# The South Bend (dinged) Quill Comparison



## graham-xrf (Oct 9, 2019)

Hi machinist folk
I am finally getting into cleaning up and discovering the condition of my (now two) South Bend lathes. One is a 9C, picked up for a crazy price ($147 equivalent) a couple of years back, and more recently, a 9A for a bit over $500, because I wanted the QC gearbox and power cross-feed apron.
Also, to some extent, I need each to help fix the other.

I this company, I guess we are used to seeing pictures that make us feel, well.. "not-so-good", but I am thinking I should be looking for a repacement quill for the 9A. If there are some that are available because they have been "parted out", because of some event that made the whole machine unviable, like it "got dropped" or something, then that is OK, but a good many "parted out" bits are now actually the just leftovers from the machine having donated it's best to another.

The $147 South Bend 9C is the "better" one. It looks like it has had the easier life, cared for, and somebody loved it enough to fit a replacement ACME thread bronze nut to the rear of the quill.
I have not yet inspected and measured up the truth of these machines, but at least there is no obvious wear ridge in any of the ways, and things do turn and move.

The quill from the 9A is a different scene. It has the usual dings, but also has had some powerful, deliberate, off-centre event take out the first 122mm (0.48") of the Morse taper.

Surprisngly, the MT2 chuck taper still "sticks" into the remaining deeper part of the quill taper.
The 9C MT2 taper grabs the chuck normally, though the inside looks as if it could do with a little careful reamer clean-up.

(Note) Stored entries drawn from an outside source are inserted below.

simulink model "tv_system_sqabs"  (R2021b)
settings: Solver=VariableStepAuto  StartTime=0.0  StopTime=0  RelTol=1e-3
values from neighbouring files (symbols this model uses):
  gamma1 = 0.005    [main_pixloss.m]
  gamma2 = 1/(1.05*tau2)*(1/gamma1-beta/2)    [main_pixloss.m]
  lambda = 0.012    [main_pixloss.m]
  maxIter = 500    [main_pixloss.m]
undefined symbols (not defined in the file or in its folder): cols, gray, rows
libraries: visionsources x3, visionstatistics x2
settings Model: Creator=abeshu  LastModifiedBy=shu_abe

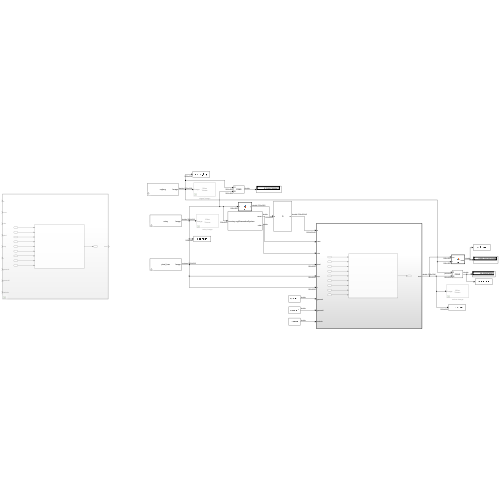
[thumbnail: Simulink's stored preview of the top-level diagram]
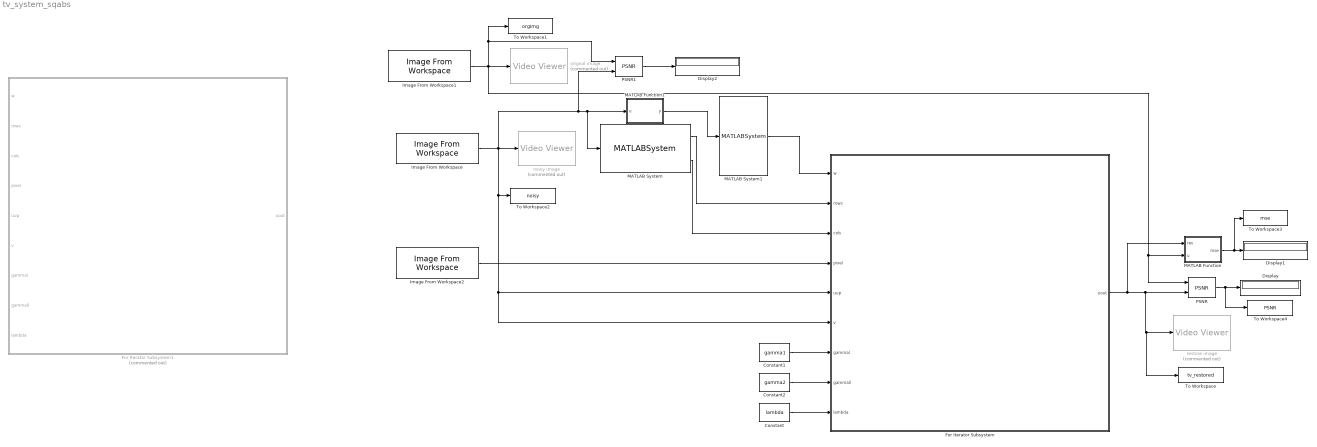
== system tv_system_sqabs ==
  Constant : Constant  Value=lambda
  Constant1 : Constant  Value=gamma1
  Constant2 : Constant  Value=gamma2
  Display : Display
  Display1 : Display
  Display2 : Display
  For Iterator Subsystem : Subsystem  TreatAsAtomicUnit=on
  For Iterator Subsystem1 : Subsystem  Commented=on  TreatAsAtomicUnit=on
  Image From Workspace : visionsources/Image From Workspace  Tag=vipblks_nd  ImageValue=noisy  Ts=inf  imagePorts=One multidimensional signal  OutPortLabels=R|G|B  ImageDataType=Inherit from 'Value'  Signed=on  WordLength=16  sdImageDataType=sfix(16)  FractionLengthMode=User-defined  FractionLength=15
      settings: SourceProductBaseCode=VP
  Image From Workspace1 : visionsources/Image From Workspace  Tag=vipblks_nd  ImageValue=orgImg  Ts=inf  imagePorts=One multidimensional signal  OutPortLabels=R|G|B  ImageDataType=Inherit from 'Value'  Signed=on  WordLength=16  sdImageDataType=sfix(16)  FractionLengthMode=User-defined  FractionLength=15
      settings: SourceProductBaseCode=VP
  Image From Workspace2 : visionsources/Image From Workspace  Tag=vipblks_nd  ImageValue=pixel_loss  Ts=inf  imagePorts=One multidimensional signal  OutPortLabels=R|G|B  ImageDataType=Inherit from 'Value'  Signed=on  WordLength=16  sdImageDataType=sfix(16)  FractionLengthMode=User-defined  FractionLength=15
      settings: SourceProductBaseCode=VP
  MATLAB Function : MATLAB Function  TreatAsAtomicUnit=on
  MATLAB Function1 : MATLAB Function  TreatAsAtomicUnit=on
  MATLAB System : MATLABSystem  System=regObsevationSystem  SimulateUsing=Code generation
      mask Type: regObsevationSystem
      mask Display:
      | disp('regObsevationSystem');
      | port_label('input',1,'imnoisy');
      | port_label('output',1,'rows');
      | port_label('output',2,'colw');
  MATLAB System1 : MATLABSystem  System=dBlockSystem  SimulateUsing=Code generation
      mask Type: dBlockSystem
      mask Display:
      | disp('D');
      | port_label('input',1,'z');
      | port_label('output',1,'w');
  PSNR : visionstatistics/PSNR
      settings: SourceProductBaseCode=VP
  PSNR1 : visionstatistics/PSNR
      settings: SourceProductBaseCode=VP
  To Workspace : ToWorkspace  VariableName=tv_restored  SaveFormat=Structure  SampleTime=-1
      settings: Save2DSignal=2-D array (concatenate along first dimension)
  To Workspace1 : ToWorkspace  VariableName=orgImg  SaveFormat=Structure  SampleTime=-1
      settings: Save2DSignal=2-D array (concatenate along first dimension)
  To Workspace2 : ToWorkspace  VariableName=noisy  SaveFormat=Structure  SampleTime=-1
      settings: Save2DSignal=2-D array (concatenate along first dimension)
  To Workspace3 : ToWorkspace  VariableName=mse  SaveFormat=Structure  SampleTime=-1
      settings: Save2DSignal=2-D array (concatenate along first dimension)
  To Workspace4 : ToWorkspace  VariableName=PSNR  SaveFormat=Structure  SampleTime=-1
      settings: Save2DSignal=2-D array (concatenate along first dimension)
  noisy image : VideoViewer  Commented=on  FigPos=[211 982 368 339]
  orignal image : VideoViewer  Commented=on  FigPos=[20 546 468 269]
  restore image : VideoViewer  Commented=on  colormapValue=gray(256)  FigPos=[260 843 480 394]
  wires:
  Image From Workspace/1 -> For Iterator Subsystem/6(v), For Iterator Subsystem/5(uup), To Workspace2/1, PSNR1/2, MATLAB System/1, MATLAB Function1/1(u), noisy image/1
  Image From Workspace1/1 -> PSNR1/1, To Workspace1/1, PSNR/1, MATLAB Function/2(u), orignal image/1
  Image From Workspace2/1 -> For Iterator Subsystem/4(pixel)
  MATLAB System/1 -> For Iterator Subsystem/2(rows)
  MATLAB System/2 -> For Iterator Subsystem/3(cols)
  MATLAB Function1/1(y) -> MATLAB System1/1
  Constant1/1 -> For Iterator Subsystem/7(gammal)
  Constant2/1 -> For Iterator Subsystem/8(gammall)
  Constant/1 -> For Iterator Subsystem/9(lambda)
  MATLAB System1/1 -> For Iterator Subsystem/1(w)
  For Iterator Subsystem/1(uout) -> MATLAB Function/1(res), To Workspace/1, restore image/1, PSNR/2
  PSNR/1 -> To Workspace4/1, Display/1
  MATLAB Function/1(mse) -> To Workspace3/1, Display1/1
  PSNR1/1 -> Display2/1

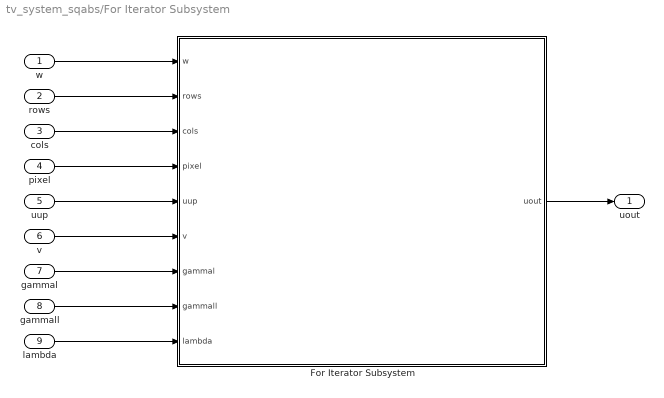
== system tv_system_sqabs/For Iterator Subsystem ==
  w : Inport
  rows : Inport  Port=2
  cols : Inport  Port=3
  pixel : Inport  Port=4
  uup : Inport  Port=5
  v : Inport  Port=6
  gammal : Inport  Port=7
  gammall : Inport  Port=8
  lambda : Inport  Port=9
  For Iterator Subsystem : Subsystem  TreatAsAtomicUnit=on
  uout : Outport
  wires:
  For Iterator Subsystem/1(uout) -> uout/1
  w/1 -> For Iterator Subsystem/1(w)
  rows/1 -> For Iterator Subsystem/2(rows)
  cols/1 -> For Iterator Subsystem/3(cols)
  pixel/1 -> For Iterator Subsystem/4(pixel)
  uup/1 -> For Iterator Subsystem/5(uup)
  v/1 -> For Iterator Subsystem/6(v)
  gammal/1 -> For Iterator Subsystem/7(gammal)
  gammall/1 -> For Iterator Subsystem/8(gammall)
  lambda/1 -> For Iterator Subsystem/9(lambda)

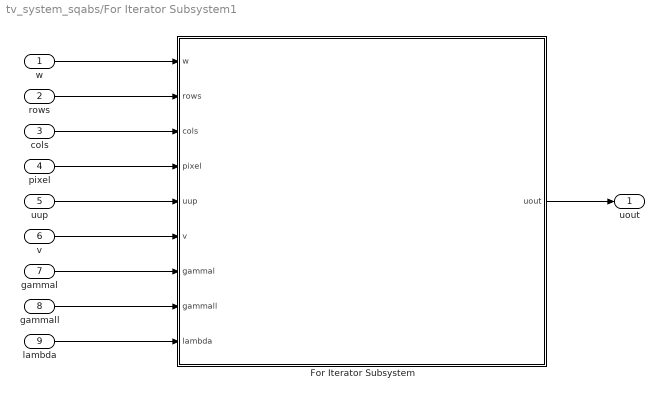
== system tv_system_sqabs/For Iterator Subsystem1 ==
  w : Inport
  rows : Inport  Port=2
  cols : Inport  Port=3
  pixel : Inport  Port=4
  uup : Inport  Port=5
  v : Inport  Port=6
  gammal : Inport  Port=7
  gammall : Inport  Port=8
  lambda : Inport  Port=9
  For Iterator Subsystem : Subsystem  TreatAsAtomicUnit=on
  uout : Outport
  wires:
  For Iterator Subsystem/1(uout) -> uout/1
  w/1 -> For Iterator Subsystem/1(w)
  rows/1 -> For Iterator Subsystem/2(rows)
  cols/1 -> For Iterator Subsystem/3(cols)
  pixel/1 -> For Iterator Subsystem/4(pixel)
  uup/1 -> For Iterator Subsystem/5(uup)
  v/1 -> For Iterator Subsystem/6(v)
  gammal/1 -> For Iterator Subsystem/7(gammal)
  gammall/1 -> For Iterator Subsystem/8(gammall)
  lambda/1 -> For Iterator Subsystem/9(lambda)

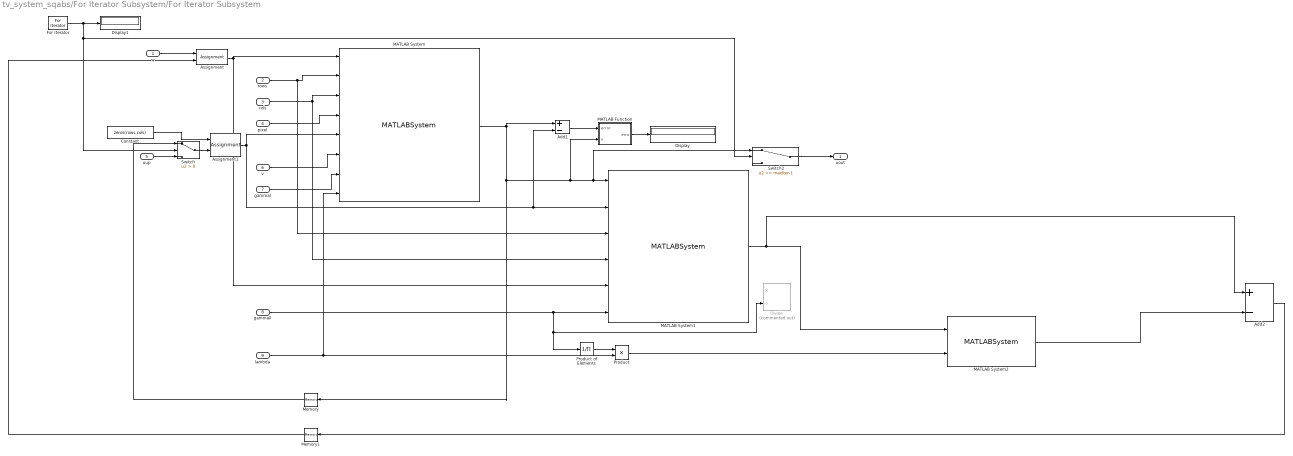
== system tv_system_sqabs/For Iterator Subsystem/For Iterator Subsystem ==
  w : Inport
  rows : Inport  Port=2
  cols : Inport  Port=3
  pixel : Inport  Port=4
  uup : Inport  Port=5
  v : Inport  Port=6
  gammal : Inport  Port=7
  gammall : Inport  Port=8
  lambda : Inport  Port=9
  Add1 : Sum  Inputs=+-
  Add2 : Sum  Inputs=+-
  Assignment : Assignment  NumberOfDimensions=3  DiagnosticForDimensions=Warning  IndexOptions=Assign all,Assign all,Assign all  Indices=1,1,1  OutputSizes=1,1,1
  Assignment1 : Assignment  NumberOfDimensions=2  DiagnosticForDimensions=Warning  IndexOptions=Assign all,Assign all  Indices=1,1  OutputSizes=1,1
  Constant : Constant  Value=zeros(rows,cols)
  Display : Display
  Display1 : Display
  Divide : Product  Commented=on  Inputs=*/
  For Iterator : ForIterator  IterationLimit=maxIter  IndexMode=Zero-based  IterationVariableDataType=double
  MATLAB Function : MATLAB Function  TreatAsAtomicUnit=on
  MATLAB System : MATLABSystem  System=updateuSystem  SimulateUsing=Code generation
      mask Type: updateuSystem
      mask Display:
      | disp('updateuSystem');
      | port_label('input',1,'w');
      | port_label('input',2,'rows');
      | port_label('input',3,'cols');
      | port_label('input',4,'pixel');
      | port_label('input',5,'uup');
      | port_label('input',6,'v');
      | port_label('input',7,'gamma1');
      | port_label('input',8,'lambda');
      | port_label('output',1,'u');
  MATLAB System1 : MATLABSystem  System=updatewSystem  SimulateUsing=Code generation
      mask Type: updatewSystem
      mask Display:
      | disp('updatewSystem');
      | port_label('input',1,'u');
      | port_label('input',2,'upre');
      | port_label('input',3,'rows');
      | port_label('input',4,'cols');
      | port_label('input',5,'w');
      | port_label('input',6,'gamma2');
      | port_label('output',1,'w_tilde');
  MATLAB System2 : MATLABSystem  System=SoftThrSystem  SimulateUsing=Code generation
      mask Type: SoftThrSystem
      mask Display:
      | disp('SoftThrSystem');
      | port_label('input',1,'x');
      | port_label('input',2,'lambda');
      | port_label('output',1,'y');
  Memory : Memory  InheritSampleTime=on
  Memory1 : Memory  InheritSampleTime=on
  Product : Product
  Product of Elements : Product  Inputs=/
  Switch : Switch  Criteria=u2 > Threshold
  Switch2 : Switch  Threshold=maxIter-1
  uout : Outport
  wires:
  w/1 -> Assignment/1
  Assignment/1 -> MATLAB System/1, MATLAB System1/5
  rows/1 -> MATLAB System/2, MATLAB System1/3
  cols/1 -> MATLAB System1/4, MATLAB System/3
  pixel/1 -> MATLAB System/4
  Constant/1 -> Assignment1/1
  Switch/1 -> Assignment1/2
  uup/1 -> Switch/3
  Assignment1/1 -> Add1/2, MATLAB System1/2, MATLAB System/5
  v/1 -> MATLAB System/6
  gammal/1 -> MATLAB System/7
  For Iterator/1 -> Switch/2, Switch2/2, Display1/1
  MATLAB System/1 -> Add1/1, Switch2/1, MATLAB System1/1, MATLAB Function/2(u), Memory/1
  Add1/1 -> MATLAB Function/1(error)
  MATLAB Function/1(erro) -> Display/1
  gammall/1 -> Product of Elements/1, Divide/2, MATLAB System1/6
  MATLAB System1/1 -> MATLAB System2/1, Add2/1
  Product of Elements/1 -> Product/1
  lambda/1 -> MATLAB System/8, Product/2
  Product/1 -> MATLAB System2/2
  Memory/1 -> Switch/1
  Add2/1 -> Memory1/1
  MATLAB System2/1 -> Add2/2
  Memory1/1 -> Assignment/2
  Switch2/1 -> uout/1

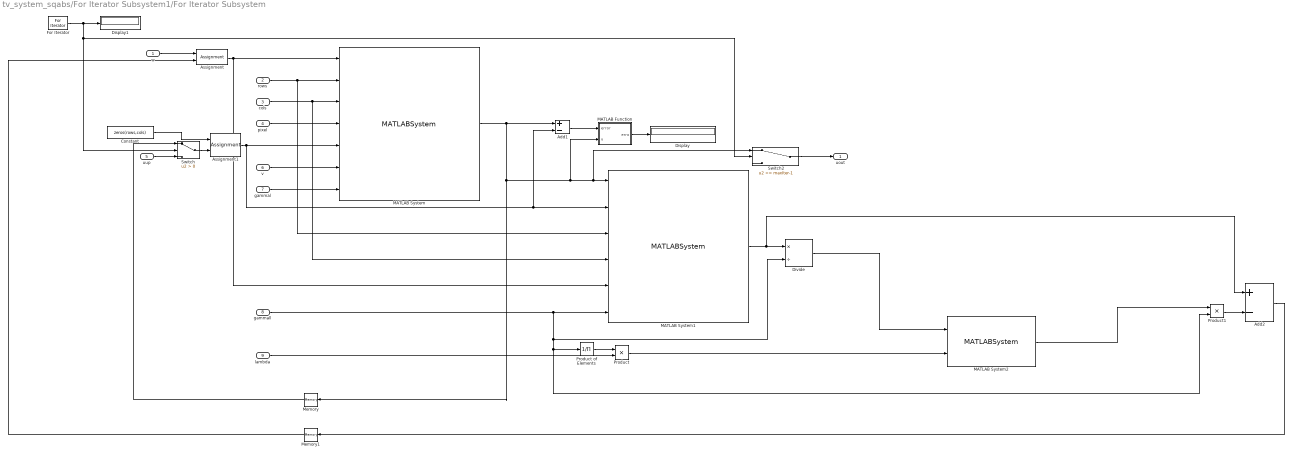
== system tv_system_sqabs/For Iterator Subsystem1/For Iterator Subsystem ==
  w : Inport
  rows : Inport  Port=2
  cols : Inport  Port=3
  pixel : Inport  Port=4
  uup : Inport  Port=5
  v : Inport  Port=6
  gammal : Inport  Port=7
  gammall : Inport  Port=8
  lambda : Inport  Port=9
  Add1 : Sum  Inputs=+-
  Add2 : Sum  Inputs=+-
  Assignment : Assignment  NumberOfDimensions=3  DiagnosticForDimensions=Warning  IndexOptions=Assign all,Assign all,Assign all  Indices=1,1,1  OutputSizes=1,1,1
  Assignment1 : Assignment  NumberOfDimensions=2  DiagnosticForDimensions=Warning  IndexOptions=Assign all,Assign all  Indices=1,1  OutputSizes=1,1
  Constant : Constant  Value=zeros(rows,cols)
  Display : Display
  Display1 : Display
  Divide : Product  Inputs=*/
  For Iterator : ForIterator  IterationLimit=maxIter  IndexMode=Zero-based  IterationVariableDataType=double
  MATLAB Function : MATLAB Function  TreatAsAtomicUnit=on
  MATLAB System : MATLABSystem  System=updateuSystem  SimulateUsing=Code generation
      mask Type: updateuSystem
      mask Display:
      | disp('updateuSystem');
      | port_label('input',1,'w');
      | port_label('input',2,'rows');
      | port_label('input',3,'cols');
      | port_label('input',4,'pixel');
      | port_label('input',5,'uup');
      | port_label('input',6,'v');
      | port_label('input',7,'gamma1');
      | port_label('output',1,'u');
  MATLAB System1 : MATLABSystem  System=updatewSystem  SimulateUsing=Code generation
      mask Type: updatewSystem
      mask Display:
      | disp('updatewSystem');
      | port_label('input',1,'u');
      | port_label('input',2,'upre');
      | port_label('input',3,'rows');
      | port_label('input',4,'cols');
      | port_label('input',5,'w');
      | port_label('input',6,'gamma2');
      | port_label('output',1,'w_tilde');
  MATLAB System2 : MATLABSystem  System=SoftThrSystem  SimulateUsing=Code generation
      mask Type: SoftThrSystem
      mask Display:
      | disp('SoftThrSystem');
      | port_label('input',1,'x');
      | port_label('input',2,'lambda');
      | port_label('output',1,'y');
  Memory : Memory  InheritSampleTime=on
  Memory1 : Memory  InheritSampleTime=on
  Product : Product
  Product of Elements : Product  Inputs=/
  Product1 : Product
  Switch : Switch  Criteria=u2 > Threshold
  Switch2 : Switch  Threshold=maxIter-1
  uout : Outport
  wires:
  w/1 -> Assignment/1
  Assignment/1 -> MATLAB System/1, MATLAB System1/5
  rows/1 -> MATLAB System/2, MATLAB System1/3
  cols/1 -> MATLAB System1/4, MATLAB System/3
  pixel/1 -> MATLAB System/4
  Constant/1 -> Assignment1/1
  Switch/1 -> Assignment1/2
  uup/1 -> Switch/3
  Assignment1/1 -> Add1/2, MATLAB System1/2, MATLAB System/5
  v/1 -> MATLAB System/6
  gammal/1 -> MATLAB System/7
  For Iterator/1 -> Switch/2, Switch2/2, Display1/1
  MATLAB System/1 -> Switch2/1, MATLAB System1/1, MATLAB Function/2(u), Memory/1, Add1/1
  Add1/1 -> MATLAB Function/1(error)
  MATLAB Function/1(erro) -> Display/1
  gammall/1 -> Product1/2, Product of Elements/1, Divide/2, MATLAB System1/6
  MATLAB System1/1 -> Add2/1, Divide/1
  Divide/1 -> MATLAB System2/1
  Product of Elements/1 -> Product/1
  lambda/1 -> Product/2
  Product/1 -> MATLAB System2/2
  Memory/1 -> Switch/1
  MATLAB System2/1 -> Product1/1
  Add2/1 -> Memory1/1
  Product1/1 -> Add2/2
  Memory1/1 -> Assignment/2
  Switch2/1 -> uout/1

== matlab function tv_system_sqabs/For Iterator Subsystem1/For Iterator Subsystem/MATLAB Function ==
  data: error input; u input; erro output
function erro = fcn(error,u)

erro = norm(error(:),2) / norm(u(:),2);

== matlab function tv_system_sqabs/For Iterator Subsystem/For Iterator Subsystem/MATLAB Function ==
  data: error input; u input; erro output
function erro = fcn(error,u)

erro = norm(error(:),2) / norm(u(:),2);

== matlab function tv_system_sqabs/MATLAB Function ==
  data: res input; u input; mse output
function mse = fcn(res,u)

mse = immse(u,res);

== matlab function tv_system_sqabs/MATLAB Function1 ==
  data: u input; y output
function y = fcn(u)

y = zeros(size(u));

I post the pictures for comment and advice. These are early days in the fixup attempt. The time I can post more tasteful pictures seems right now hard to imagine, but I am bound to try!


----------



## graham-xrf (Oct 9, 2019)

Oops - sorry folks.I did not know the pictures would display all over the posting.
I just clicked "Insert Image". I guess there is a better way to do it.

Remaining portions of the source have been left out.